* Work order: Report, from the records below, every line where the word "layers" appears.

*** Opening of The data ***

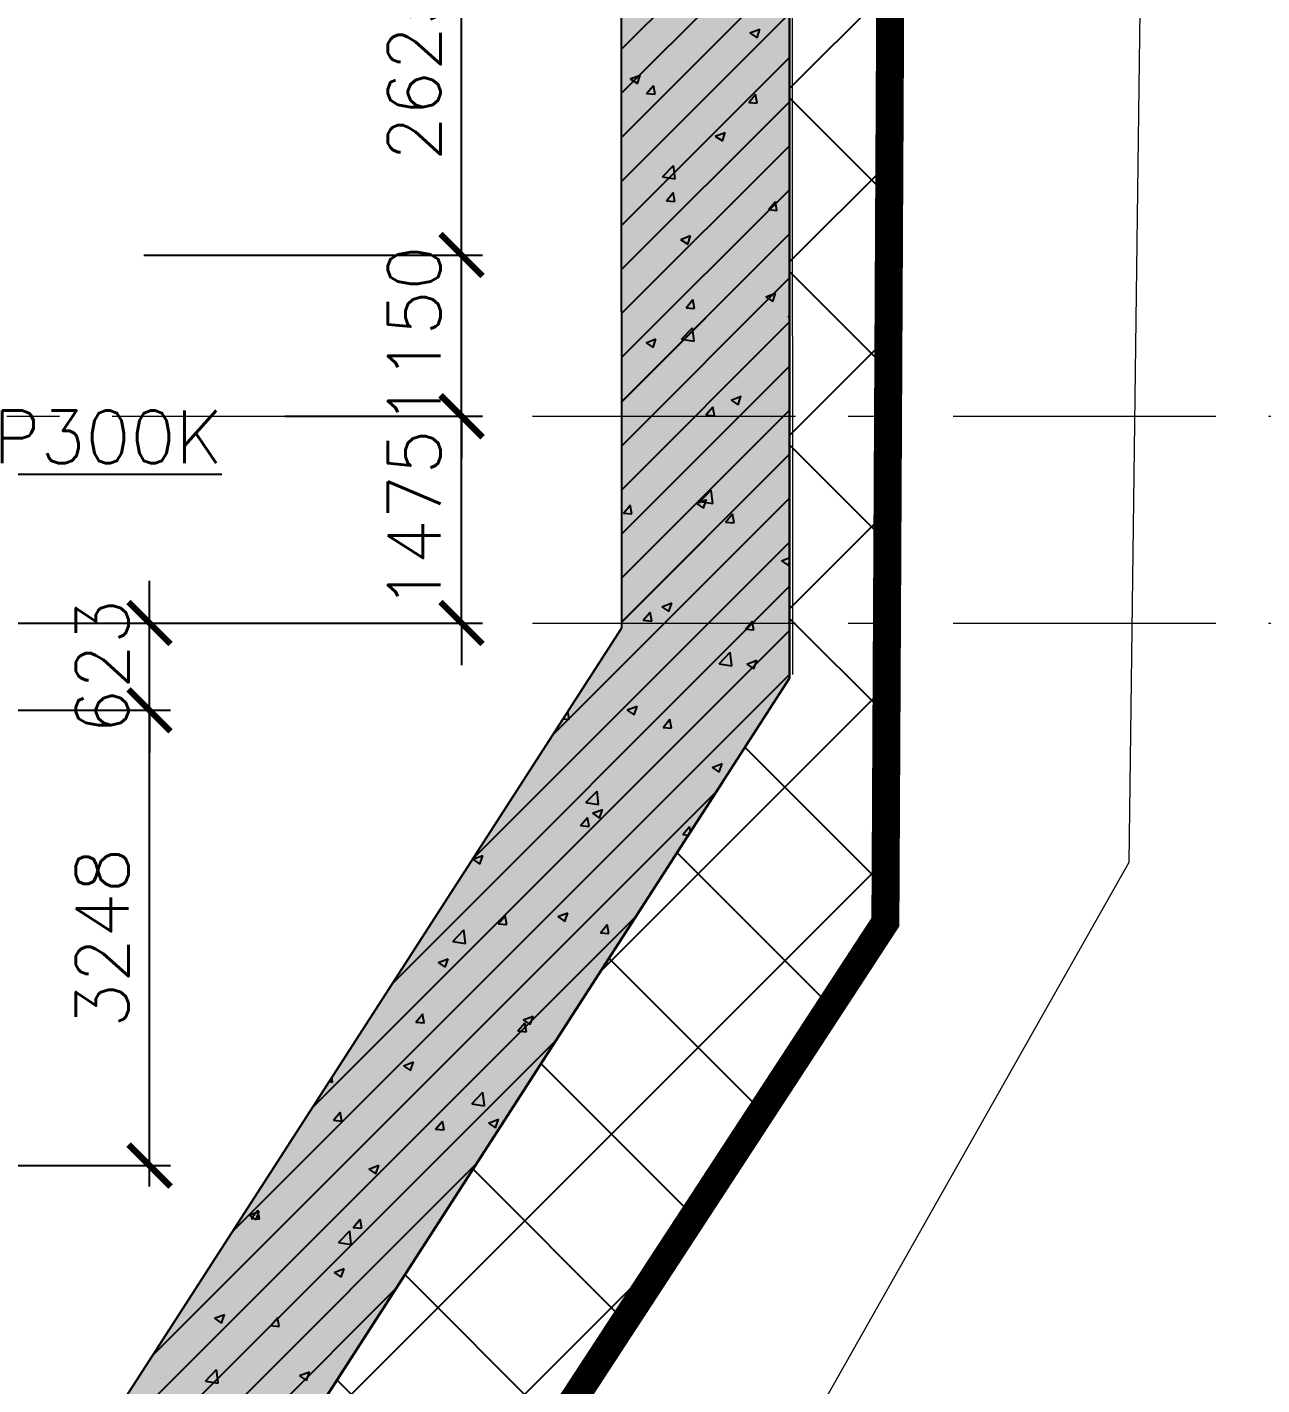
# Model space of a CAD drawing. Header units: millimetres. Extents: x -346728 to 1320345, y -537202 to -385966.
# Drawn here: x 237254 to 246062, y -467376 to -457691 of the extents above; entities that cross this region are included whole.
import ezdxf
from ezdxf.xclip import XClip

# ---------------------------------------------------------------- set-up
doc = ezdxf.new("R2010")
doc.units = ezdxf.units.MM
doc.header["$LTSCALE"] = 100
doc.header["$XCLIPFRAME"] = 2
doc.linetypes.add('DASHED2', pattern=[0.375, 0.25, -0.125])
doc.linetypes.add('X1326_GLB$0$CENTER', pattern=[2, 1.25, -0.25, 0.25, -0.25])
for name, color, linetype, lineweight in [('0 T TEXT', 7, 'Continuous', 13), ('L.DUONG', 234, 'Continuous', 15), ('LINE', 7, 'Continuous', 13), ('X1326_GLB$0$A-tim', 8, 'X1326_GLB$0$CENTER', 9)]:
    doc.layers.add(name, color=color, linetype=linetype, lineweight=lineweight)
doc.layers.add('CL load', color=1, linetype='Continuous', plot=False)
for name, color, linetype in [('hach', 253, 'Continuous'), ('PILE MARK', 8, 'Continuous'), ('W2', 4, 'Continuous'), ('XR_1326_csPL$0$hach', 253, 'Continuous'), ('XR_1326_csPL$0$W2', 4, 'Continuous')]:
    doc.layers.add(name, color=color, linetype=linetype)
doc.styles.add('simplex', font='simplex.shx')
doc.linetypes.add('FENCELINE2', pattern='A,0.25,-0.1,[132,ltypeshp.shx,S=0.1,R=0,X=-0.1,Y=0],-0.1,1', length=1.45)
doc.dimstyles.new('100', dxfattribs={"dimscale": 150, "dimtxt": 2.5, "dimasz": 2, "dimexe": 1, "dimexo": 1, "dimgap": 1, "dimtad": 1, "dimdec": 0, "dimzin": 0, "dimdsep": 46, "dimtxsty": 'simplex', "dimblk": 'ARCHTICK', "dimcen": 1, "dimdle": 1, "dimclrd": 256, "dimclre": 256, "dimclrt": 6, "dimadec": 0, "dimazin": 0, "dimtfac": 1, "dimtdec": 0, "dimtix": 1, "dimtmove": 2, "dimatfit": 3, "dimfxl": 1, "dimtolj": 1, "dimtzin": 0, "dimarcsym": 0})

# ---------------------------------------------------------------- blocks, each defined once
blk = doc.blocks.new('_ArchTick')
at = {"color": 0, "linetype": 'ByBlock', "const_width": 0.15}
blk.add_lwpolyline([(-0.5, -0.5), (0.5, 0.5)], dxfattribs=at)
blk = doc.blocks.new('*D601')
at = {"layer": 'CL load', "lineweight": -2, "transparency": 16777216}
for p, q in [((238126.5, -465961.8), (238126.5, -462414.2)), ((236212, -462564.2), (238276.5, -462564.2)), ((234337, -465811.8), (238276.5, -465811.8))]:
    blk.add_line(p, q, dxfattribs=at)
at = {"layer": 'DEFPOINTS', "color": 0, "transparency": 16777216}
for p in [(236062, -462564.2), (238126.5, -462564.2), (234187, -465811.8)]:
    blk.add_point(p, dxfattribs=at)
at = {"layer": 'CL load', "lineweight": -2, "transparency": 16777216, "xscale": 300, "yscale": 300, "zscale": 300}
for p, rotation in [((238126.5, -462564.2), 90), ((238126.5, -465811.8), 270)]:
    blk.add_blockref('_ArchTick', p, dxfattribs=dict(at, rotation=rotation))
at = {"layer": 'CL load', "color": 6, "transparency": 16777216, "insert": (237789, -464188), "char_height": 375, "attachment_point": 5, "rotation": 90, "style": 'simplex'}
blk.add_mtext('\\A1;3248', dxfattribs=at)
blk = doc.blocks.new('*D602')
at = {"layer": 'CL load', "lineweight": -2, "transparency": 16777216}
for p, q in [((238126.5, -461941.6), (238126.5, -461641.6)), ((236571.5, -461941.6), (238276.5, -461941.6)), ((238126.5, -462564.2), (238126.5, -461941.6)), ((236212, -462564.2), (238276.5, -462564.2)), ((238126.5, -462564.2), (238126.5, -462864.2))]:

*** Close of The data ***

* Task result:
    doc.layers.add(name, color=color, linetype=linetype, lineweight=lineweight)
doc.layers.add('CL load', color=1, linetype='Continuous', plot=False)
    doc.layers.add(name, color=color, linetype=linetype)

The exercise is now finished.